Floods are among the most common — and deadly — natural disasters in the world. Every year, they’re responsible for tens of thousands of fatalities and hundreds of millions of displaced homeowners. And they’re extraordinarily costly — in the U.S. alone from 2005 to 2014, the average flood claim was $ 42,000, and total flood insurance claims averaged more than $ 3.5 billion per year.
Accurate flood forecasting is a desirable goal, needless to say; according to some studies, early warning systems can reduce deaths and economic damages by over a third. Fortunately, it’s one scientists continue to inch toward with the help of artificial intelligence (AI). In a new paper (“ML for Flood Forecasting at Scale“) published on the preprint server Arxiv.org, researchers from Google, the Israel Institute of Technology, and Bar-Ilan University describe a machine learning system that accurately predicts riverine floods — that is, floods from overrun riverbanks.
The study is a retrospective on Google’s work in Patna, India late last year, where the Mountain View company piloted a flood-predicting model in partnership with the Central Water Commission of India. And it builds on research published by Harvard and Google in August 2018, which described an AI model capable of predicting the location of aftershocks up to one year after a major earthquake, and by Facebook AI researchers in December, who developed a method to analyze satellite imagery and quantify damage from fires and other disasters.
“Effective riverine flood forecasting at scale is hindered by a multitude of factors, most notably the need to rely on human calibration in current methodology, the limited amount of data for a specific location, and the computational difficulty of building … models that are sufficiently accurate,” the team wrote. “Machine learning is primed to be useful in this scenario: learned models [frequently] surpass human experts in complex high-dimensional scenarios.”

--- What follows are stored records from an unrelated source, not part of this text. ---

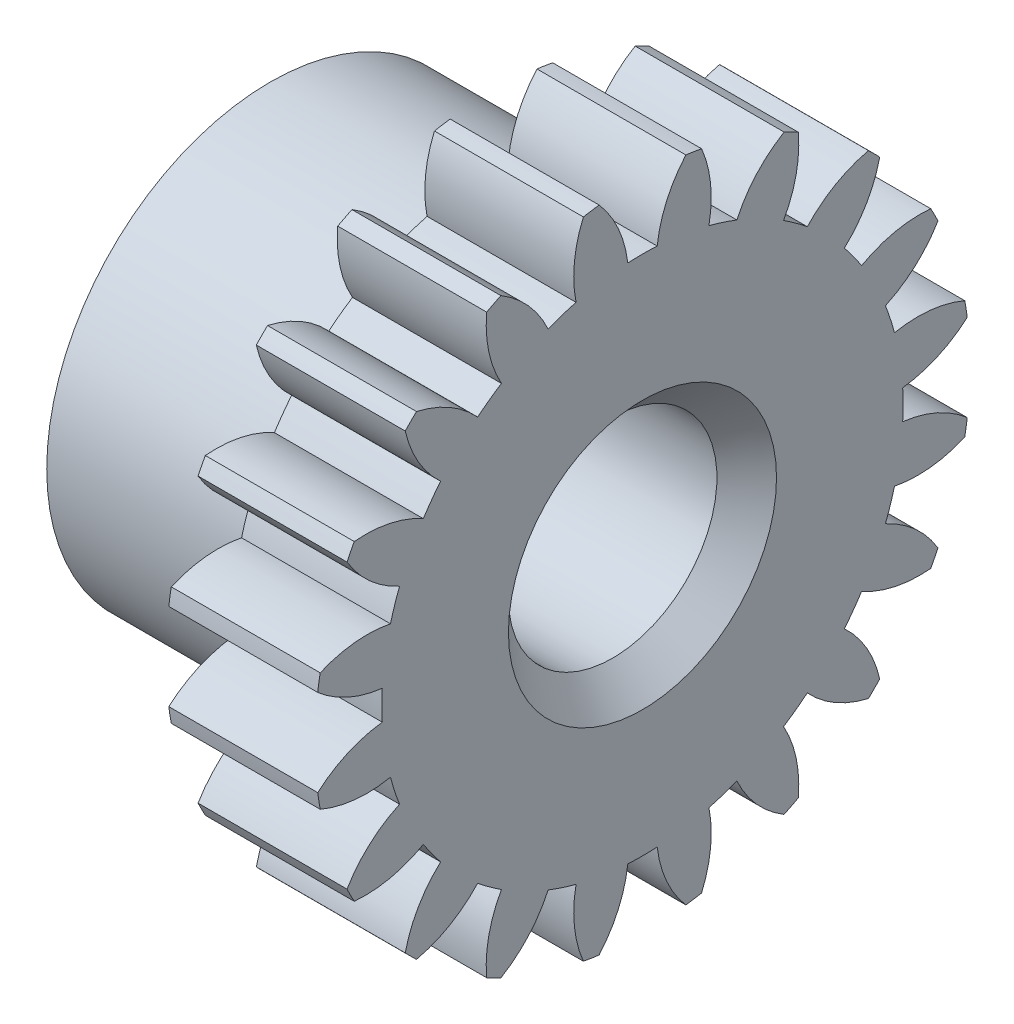
SolidWorks part; units mm, degrees
ref_plane "Plane1" through (0, 0, 0) normal (0, 0, 1) x (1, 0, 0)
ref_plane "Plane2" through (0, 0, 0) normal (0, 1, 0) x (1, 0, 0)
ref_plane "Plane3" through (0, 0, 0) normal (1, 0, 0) x (0, 0, -1)
sketch "HoldingSke" plane through (0, 0, 0) normal (0, 1, 0) x (1, 0, 0)
  line L0 (0, 0) -> (0.4698, -0.171)
  line L1 (-15, 0) -> (100, 0) construction
  line L2 (0, 0) -> (-2.1039, 2.3779)
  line L3 (0, 0) -> (-11.863, 4.5341)
  line L4 (0, 0) -> (8.1152, 2.9537)
  line L5 (0, 0) -> (-23.4238, -8.7364)
  line L6 (0, 0) -> (-8.2896, -5.593)
  line L7 (-2.1039, 2.3779) -> (3.2774, 26.7919)
  line L8 (-76.2, 54.61) -> (-73.9, 54.61)
  line L9 (-71.009, 38.7566) -> (-53.1078, 45.2721)
  line L10 (-76.2, 71.12) -> (104.1128, 71.12)
  line L11 (0, 0) -> (-10, 0)
  line L12 (-76.2, 101.6) -> (-76.133, 101.6)
  line L13 (24.9733, 27.94) -> (52.9518, 28.4284)
  line L14 (24.9733, 27.94) -> (24.9743, 27.94)
  line L15 (24.9733, 27.94) -> (100.4006, 29.5858)
  line L16 (-63.627, -2) -> (-12.827, -2)
  circle A0 centre (0, 0) radius 7
  circle A1 centre (0, 0) radius 15
  circle A2 centre (0, 0) radius 15
  circle A3 centre (0, 0) radius 7
  dimension "MHD" = 30
  dimension "Hub_dia" = 30
  dimension "Bore" = 14
  dimension "MBD" = 14
  dimension "Num_teeth" = 20
  dimension "Pitch" = 0.5
  dimension "Overall_len" = 25
  dimension "Show_teeth" = 20
  dimension "Thickness" = 10
  dimension "OAL" = 25.0001
  dimension "T_dim" = 2.3
  dimension "Ap" = 20
  dimension "H" = 19.05
  dimension "Pitch_radius" = 180.3128
  dimension "Width" = 10
  dimension "Backlash" = 0.067
  dimension "Addendum_fac" = 1
  dimension "Dedendum_fac" = 1.25
  dimension "Clearance_fac" = 0.25
  dimension "Dedendum_add" = 0.001
  dimension "Module" = 2
sketch "BasProSke" plane through (0, 0, 0) normal (0, 1, 0) x (1, 0, 0)
  line L0 (-10, 0) -> (60, 0) construction
  line L1 (0, 0) -> (0, 22)
  line L2 (0, 0) -> (10, 0)
  line L3 (10, 0) -> (10, 22)
  line L4 (10, 22) -> (0, 22)
  dimension "Thickness" = 10
  dimension "Diameter" = 44
revolve "Base-Revolve" add sketch "BasProSke" angle 360 about L0
sketch "TooCutSke" plane through (0, 0, 0) normal (1, 0, 0) x (0, 0, -1)
  line L1 (0, 0) -> (0, 107) construction
  line L2 (0, 0) -> (-1.6864, 19.9288) construction
  line L3 (0, 0) -> (-6.2409, 39.4033) construction
  line L4 (-1.6864, 19.9288) -> (-3.1204, 19.7016) construction
  arc A0 (0.9862, 17.4712) -> (-0.9862, 17.4712) centre (0, 0) ccw
  arc A1 (2.9329, 21.8293) -> (-2.9329, 21.8293) centre (0, 0) ccw
  circle A2 centre (0, 0) radius 20 construction
  circle A3 centre (0, 0) radius 18.7939 construction
  arc A4 (-0.9862, 17.4712) -> (-2.9329, 21.8293) centre (-8.9313, 16.536) ccw
  arc A5 (2.9329, 21.8293) -> (0.9862, 17.4712) centre (8.9313, 16.536) ccw
  dimension "Root_dia" = 34.998
  dimension "Overcut_dia" = 44.0508
  dimension "Pitch_dia" = 40
  dimension "Base_dia" = 37.5877
  dimension "Flank_rad" = 8
  dimension "Half_ang" = 9
  dimension "Half_CT" = 1.4519
extrude "ToothCut" cut sketch "TooCutSke" along normal through all
fillet "Breaks" [suppressed] radius 0.04
fillet "RootFillets" [suppressed] radius 0.501
pattern_circular "TeethCuts" count 20 every 18 about axis through (-10, 0, 0) along (1, 0, 0) of "ToothCut", "RootFillets", "Breaks"
sketch "HubNeaOneSke" plane through (0, 0, 0) normal (-1, 0, 0) x (0, 0, 1)
  circle A0 centre (0, 0) radius 15
  dimension "Diameter" = 30
extrude "HubNearOne" add sketch "HubNeaOneSke" along normal blind 15.0001
sketch "HubNeaBotSke" plane through (0, 0, 0) normal (-1, 0, 0) x (0, 0, 1)
  circle A0 centre (0, 0) radius 15
  dimension "Diameter" = 30
extrude "HubNearBoth" [suppressed] add sketch "HubNeaBotSke" along normal blind 7.5
ref_plane "FarPln" through (10, 0, 0) normal (1, 0, 0) x (0, 0, -1)
sketch "HubFarSke" plane through (10, 0, 0) normal (1, 0, 0) x (0, 0, -1)
  circle A0 centre (0, 0) radius 15
  dimension "Diameter" = 30
extrude "HubFar" [suppressed] add sketch "HubFarSke" along normal blind 7.5
sketch "BorSke" plane through (0, 0, 0) normal (1, 0, 0) x (0, 0, -1)
  circle A0 centre (0, 0) radius 7
  dimension "Diameter" = 14
extrude "Bore" cut sketch "BorSke" along normal mid plane 50.0001
sketch "KeySke" plane through (0, 0, 0) normal (1, 0, 0) x (0, 0, -1)
  line L0 (-2.5, 0) -> (-2.5, 9.3)
  line L1 (-2.5, 9.3) -> (2.5, 9.3)
  line L2 (2.5, 9.3) -> (2.5, 0)
  line L3 (0, 0) -> (0, 34) construction
  line L4 (-2.5, 0) -> (2.5, 0)
  dimension "Offset" = 9.3
  dimension "Width" = 5
extrude "Keyway" [suppressed] cut sketch "KeySke" along normal mid plane 50.0001
pattern_circular "Keyway2" [suppressed] count 2 every 90 about axis through (-10, 0, 0) along (1, 0, 0)
chamfer "倒角1" distance 2 angle 45 2 edges at (10, 0, 7) (-15.0001, 0, 7)
equation "' \"Module@HoldingSke\" = 6.35"
equation "' \"Num_teeth@HoldingSke\" = 12"
equation "' \"Ap@HoldingSke\" =  20"
equation "' \"Ap@HoldingSke\" = 20"
equation "' \"Width@HoldingSke\" = 0.5 * 25.4"
equation "' \"Hub_dia@HoldingSke\"= 1 * 25.4"
equation "' \"Hub_dia@HoldingSke\" = 1 * 25.4"
equation "' \"Overall_len@HoldingSke\" = 1.0 * 25.4"
equation "' \"Bore@HoldingSke\" = 0.75 * 25.4"
equation "' \"T_dim@HoldingSke\" = 0.1 * 25.4"
equation "' \"Width@KeySke\" = 0.25 * 25.4"
equation "' \"Show_teeth@HoldingSke\" = 13"
equation "' \"Backlash@HoldingSke\" = 0.009 * 25.4"
equation "' \"Addendum_fac@HoldingSke\" = 1.0"
equation "' \"Dedendum_fac@HoldingSke\" = 1.25"
equation "' \"Dedendum_add@HoldingSke\" = 0.00005 * 25.4"
equation "' \"Clearance_fac@HoldingSke\" = 0.25"
equation "\"Pitch@HoldingSke\" = 1 / \"Module@HoldingSke\""
equation "\"Overcut_dia@TooCutSke\" = (\"Num_teeth@HoldingSke\" + 2 * \"Addendum_fac@HoldingSke\") / \"Pitch@HoldingSke\" + 0.002 * 25.4"
equation "\"Pitch_dia@TooCutSke\" = \"Num_teeth@HoldingSke\" / \"Pitch@HoldingSke\""
equation "\"Base_dia@TooCutSke\" = \"Num_teeth@HoldingSke\" / \"Pitch@HoldingSke\" * cos((\"Ap@HoldingSke\"  * 3.14159265 / 180))"
equation "\"Root_dia@TooCutSke\" = (\"Num_teeth@HoldingSke\" + 2) / \"Pitch@HoldingSke\" - 2 * (\"Addendum_fac@HoldingSke\" + \"Dedendum_fac@HoldingSke\") / \"Pitch@HoldingSke\" - \"Dedendum_add@HoldingSke\" * 2"
equation "\"Half_ang@TooCutSke\" = 180 / \"Num_teeth@HoldingSke\""
equation "\"Half_CT@TooCutSke\" = \"Num_teeth@HoldingSke\" / \"Pitch@HoldingSke\" * sin((3.14159265 / 2 / \"Num_teeth@HoldingSke\")) / 2 - 7 * \"Backlash@HoldingSke\" / 4"
equation "\"Flank_rad@TooCutSke\" = \"Num_teeth@HoldingSke\" / \"Pitch@HoldingSke\" / 5"
equation "\"Radius@RootFillets\" = \"Clearance_fac@HoldingSke\" / \"Pitch@HoldingSke\" + \"Dedendum_add@HoldingSke\""
equation "\"Break_rad@Breaks\" = 0.02 / \"Pitch@HoldingSke\""
equation "\"Thickness@HoldingSke\" = \"Width@HoldingSke\""
equation "\"OAL@HoldingSke\" = \"Thickness@HoldingSke\""
equation "\"MHD@HoldingSke\" = (\"Num_teeth@HoldingSke\" + 2) / \"Pitch@HoldingSke\" - 2 * (\"Addendum_fac@HoldingSke\" + \"Dedendum_fac@HoldingSke\")  / \"Pitch@HoldingSke\" - \"Dedendum_add@HoldingSke\" * 2"
equation "\"MBD@HoldingSke\" = (\"Num_teeth@HoldingSke\" + 2) / \"Pitch@HoldingSke\" - 2 * (\"Addendum_fac@HoldingSke\" + \"Dedendum_fac@HoldingSke\")  / \"Pitch@HoldingSke\" - \"Dedendum_add@HoldingSke\" * 2 - 0.002 * 25.4"
equation "\"MHD@HoldingSke\" = ((sgn( \"MHD@HoldingSke\" - \"Hub_dia@HoldingSke\" )-1)*( \"MHD@HoldingSke\" - \"Hub_dia@HoldingSke\" ))/-2+ \"Hub_dia@HoldingSke\""
equation "\"MBD@HoldingSke\" = ((sgn( \"MBD@HoldingSke\" - \"Bore@HoldingSke\" )-1)*( \"MBD@HoldingSke\" - \"Bore@HoldingSke\" ))/-2+ \"Bore@HoldingSke\""
equation "\"OAL@HoldingSke\" = ((sgn( \"OAL@HoldingSke\" - \"Overall_len@HoldingSke\" )+1)*( \"OAL@HoldingSke\" - \"Overall_len@HoldingSke\" ))/2 + \"Overall_len@HoldingSke\" + 0.000002 * 25.4"
equation "\"Num_teeth@TeethCuts\" = int( \"Show_teeth@HoldingSke\" ) + 1"
equation "\"Num_teeth@TeethCuts\" = ((sgn( \"Num_teeth@TeethCuts\" - \"Num_teeth@HoldingSke\" )-1)*( \"Num_teeth@TeethCuts\" - \"Num_teeth@HoldingSke\" ))/-2+ \"Num_teeth@HoldingSke\""
equation "\"Num_teeth@TeethCuts\" = ((sgn( \"Num_teeth@TeethCuts\" - 2.0)+1)*( \"Num_teeth@TeethCuts\" - 2.0))/2 +2.0"
equation "\"Angle@TeethCuts\" = 360.0 / \"Num_teeth@HoldingSke\""
equation "\"Diameter@BasProSke\" = (\"Num_teeth@HoldingSke\" + 2 * \"Addendum_fac@HoldingSke\") / \"Pitch@HoldingSke\""
equation "\"Thickness@BasProSke\"  = \"Thickness@HoldingSke\""
equation "' \"Fillet_rad@BasProSke\" =  \"Thickness@HoldingSke\" * 0.05"
equation "' \"Fillet_rad@BasProSke\" = \"Thickness@HoldingSke\" * 0.05"
equation "\"MHD@HoldingSke\" = ((sgn( \"MHD@HoldingSke\" - \"Root_dia@TooCutSke\" )-1)*( \"MHD@HoldingSke\" - \"Root_dia@TooCutSke\" ))/-2+ \"Root_dia@TooCutSke\""
equation "\"Diameter@HubNeaOneSke\" = \"MHD@HoldingSke\""
equation "\"Length@HubNearOne\" = \"OAL@HoldingSke\" - \"Thickness@BasProSke\""
equation "\"Diameter@HubNeaBotSke\" = \"MHD@HoldingSke\""
equation "\"Length@HubNearBoth\" = ( \"OAL@HoldingSke\" - \"Thickness@BasProSke\" ) / 2.0"
equation "\"Thickness@FarPln\" = \"Thickness@BasProSke\""
equation "\"Diameter@HubFarSke\" = \"MHD@HoldingSke\""
equation "\"Length@HubFar\" = ( \"OAL@HoldingSke\" - \"Thickness@BasProSke\" ) / 2.0"
equation "\"Diameter@BorSke\" = \"MBD@HoldingSke\""
equation "\"D1@Bore\" = \"OAL@HoldingSke\" * 2.0"
equation "\"D1@Keyway\" = \"OAL@HoldingSke\" * 2.0"
equation "\"Offset@KeySke\" = \"T_dim@HoldingSke\" + \"MBD@HoldingSke\" / 2.0"

As the paper notes, one of the biggest challenges in building a flood prediction model is parameter calibration, an optimization process aimed at matching the algorithm’s predictions to certain baseline measurements. The standard approach involves significant manual work, and often results in models that aren’t generalizable.
The researchers overcame a few of those barriers by drawing on real-time measurements and short-term forecasts of river water levels, from which their model generates an inundation map — a map that shows where flooding may occur over a range of water levels — estimating the extent of the predicted flood. They claim that, based on alerts produced for the 2018 monsoon season, the forecasts are accurate down to a resolution of 300 meters, with over 90 percent and 75 percent recall and precision, respectively.
“[Th]e physical processes [of floods] are relatively well understood for several decades now, and relatively little calibration [was] required,” the study’s authors wrote.
That said, it’s not a perfect model, owing to high computational costs from the physics-based simulations and inaccuracies due to erroneous inputs. But the team believes that machine learning techniques hold the key to improving predictions in future work, and that those techniques might one day be used to forecast events not simulated by physics-based models, such as snowmelt and river discharge.
One imagines that the fruits of those labors will eventually make their way into Google’s Google Public Alert program, which informs users of apps like Google Search, Maps, and Google News of ongoing or impending natural disasters such as hurricanes, volcanic eruptions, tsunamis, and earthquakes. Government agencies in the U.S., Australia, Canada, Colombia, Japan, Taiwan, Indonesia, Mexico, the Philippines, India, New Zealand, and Brazil currently participate.
“We believe ML can improve the quality of multiple components,” they said. “Toward making this possible, we are collecting, organizing and combining open data sets from different sources to make this problem more accessible for the ML community.”